Accademia Italiana Privacy: Inps non ha subito alcun attacco hacker

Nel giorno della richiesta di accessione al contributo di 600 euro alle Partite Iva, l'intero sistema dell’Istituto nazionale di previdenza sociale è andato in tilt. Ma non si è trattato di un cybercrime

Il sito dell’Inps in caos proprio nel giorno dell’erogazione dei 600 euro alle Partite Iva: dati di tutti i richiedenti che apparivano in chiaro, pagine che non si trovavano, disservizi vari. Morale, il portale è stato chiuso per mezza giornata. Ma cos’è successo?

«Abbiamo ricevuto nei giorni scorsi e anche stamattina violenti attacchi hacker – commenta Pasquale Tridico, presidente dell’Inps – abbiamo dovuto sospendere temporaneamente il sito dell’istituto. Nei giorni scorsi abbiamo informato le autorità di sicurezza nazionale, polizia e ministri vigilanti».







Ma per quale motivo gli hacker avrebbero fatto entrare i singoli utenti nelle aree protette di altri utenti? Un simile atteggiamento senza lucro o possibilità di mercanteggiare i dati non è da criminali informatici, e sul dark web non c’è traccia dei dati del portale Inps. Senza contare che LulzsecIta e Anonymous hann comunicato la loro posizione: Caro @INPS_it, vorremmo prenderci il merito di aver buttato giù il vostro sito web, ma la verità è che siete talmente incapaci che avete fatto tutto da soli, togliendoci il divertimento!”.

Sulla questione sono intervenuti il Presidente dell’Accademia Italiana Privacy Alessandro Papini e l’ Avv. Gianni Dell’Aiuto, che hanno spiegato che potrebbe essere avvenuto un banalissimo sovraccarico di banda, perché chi dovrebbe bilanciare le risorse di accessibilità con le previsioni di accesso non è stato messo nelle condizioni di valutare quello che sarebbe successo causando un collo di bottiglia colossale. Qualche pagina di codice scritto in fretta e furia senza il necessario debug e qualche utente smanettone che ha fatto un paio di click in più sul portale ha fatto il resto, lasciando nel caos uno dei portali piu importanti della pubblica amministrazione italiana e facendo fare una figura meschina ai suoi vertici.

«Un valzer di bugie, menzogne false accuse e mezze verità – chiosa l’Accademia Italiana Privacy – che mette in risalto ancora una volta l’insufficiente gestione digitale italiana che ancora oggi è dannatamente inadeguata».

Possibili conseguenze?
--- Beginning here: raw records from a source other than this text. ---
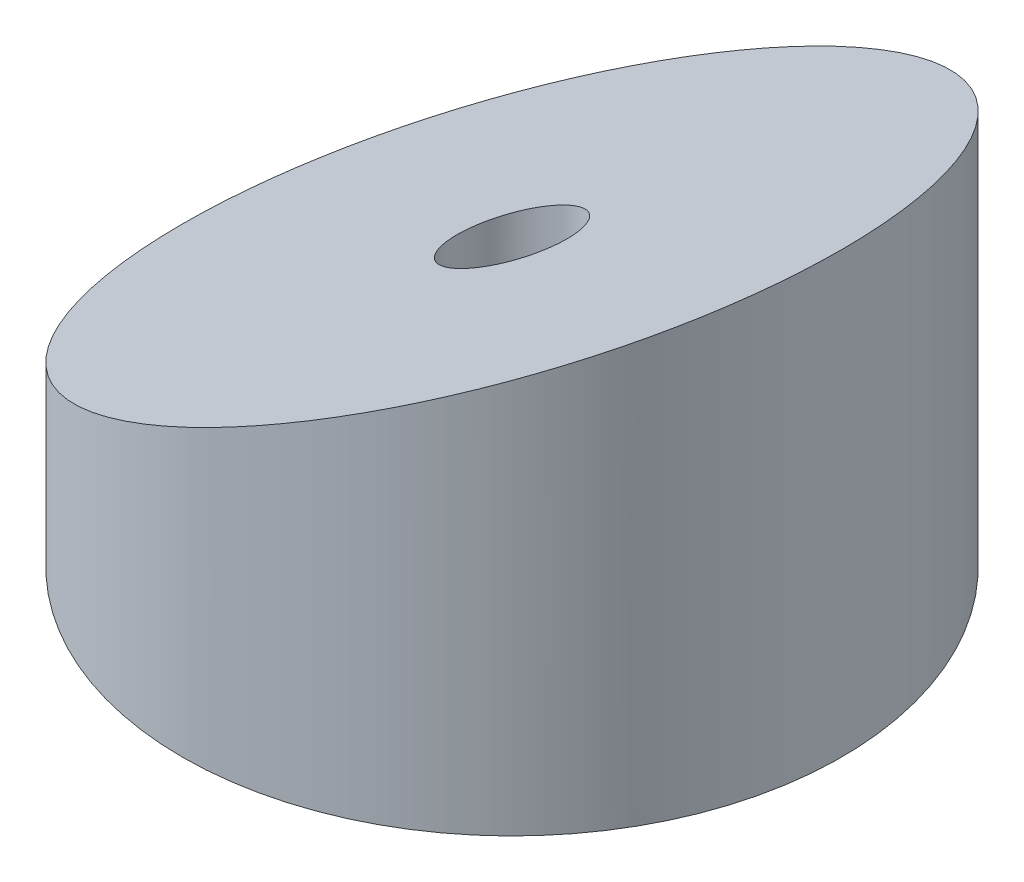
SolidWorks part; units mm, degrees
ref_plane "Front Plane" through (0, 0, 0) normal (0, 0, 1) x (1, 0, 0)
ref_plane "Top Plane" through (0, 0, 0) normal (0, 1, 0) x (1, 0, 0)
ref_plane "Right Plane" through (0, 0, 0) normal (1, 0, 0) x (0, 0, -1)
sketch "Sketch1" plane through (0, 0, 0) normal (0, 1, 0) x (1, 0, 0)
  circle A0 centre (0, 0) radius 120
  circle A1 centre (0, 0) radius 20
  dimension "D1" = 240
  dimension "D2" = 40
extrude "Boss-Extrude1" add sketch "Sketch1" along normal mid plane 160
sketch "Sketch2" plane through (0, 0, 0) normal (0, 0, 1) x (1, 0, 0)
  line L0 (-120, -31.9138) -> (-120, 80)
  line L1 (-120, 80) -> (-120, -80) construction
  line L2 (-120, 80) -> (120, 80)
  line L3 (120, 80) -> (-120, -31.9138)
  dimension "D1" = 25
extrude "Cut-Extrude1" cut sketch "Sketch2" against normal through all both and the other way through all contours L2 L3 L0

Sanzioni nei confronti dell’Inps che, specialmente in questo momento, sarebbero a dir poco catastrofiche e inopportune, specialmente se pensiamo qual è la fonte di introiti dell’Istituto. Altra grave conseguenza per gli utenti. In questo caso oltre alle comunicazioni agli utenti viene da chiedersi cosa possa derivare se i dati entrassero nella disponibilità di qualcuno malintenzionato sul Dark web.

«Non vorremmo ripeterci: i dati personali altrui vanno protetti senza se e senza ma – continua la nota dell’Accademia – con adeguate soluzioni perimetrali, con personale adeguatamente formato e dotato delle migliori tecnologie, e predisponendo anche gli strumenti giuridici necessari per far fronte a situazioni del genere che potrebbero ripetersi a breve. E le casse private o di altri enti sono ancora più a rischio. Quando l’emergenza del Covid-19 sarà finita ci piacerebbe ripartire dall’articolo 82 del GDPR. Chissà, e in che misura, sarà tenuto al risarcimento dei danni per milioni di danneggiati. Gli enti si saranno cautelati con procedure interne adeguate e lettere di incarico che abbiano definito le responsabilità individuali?».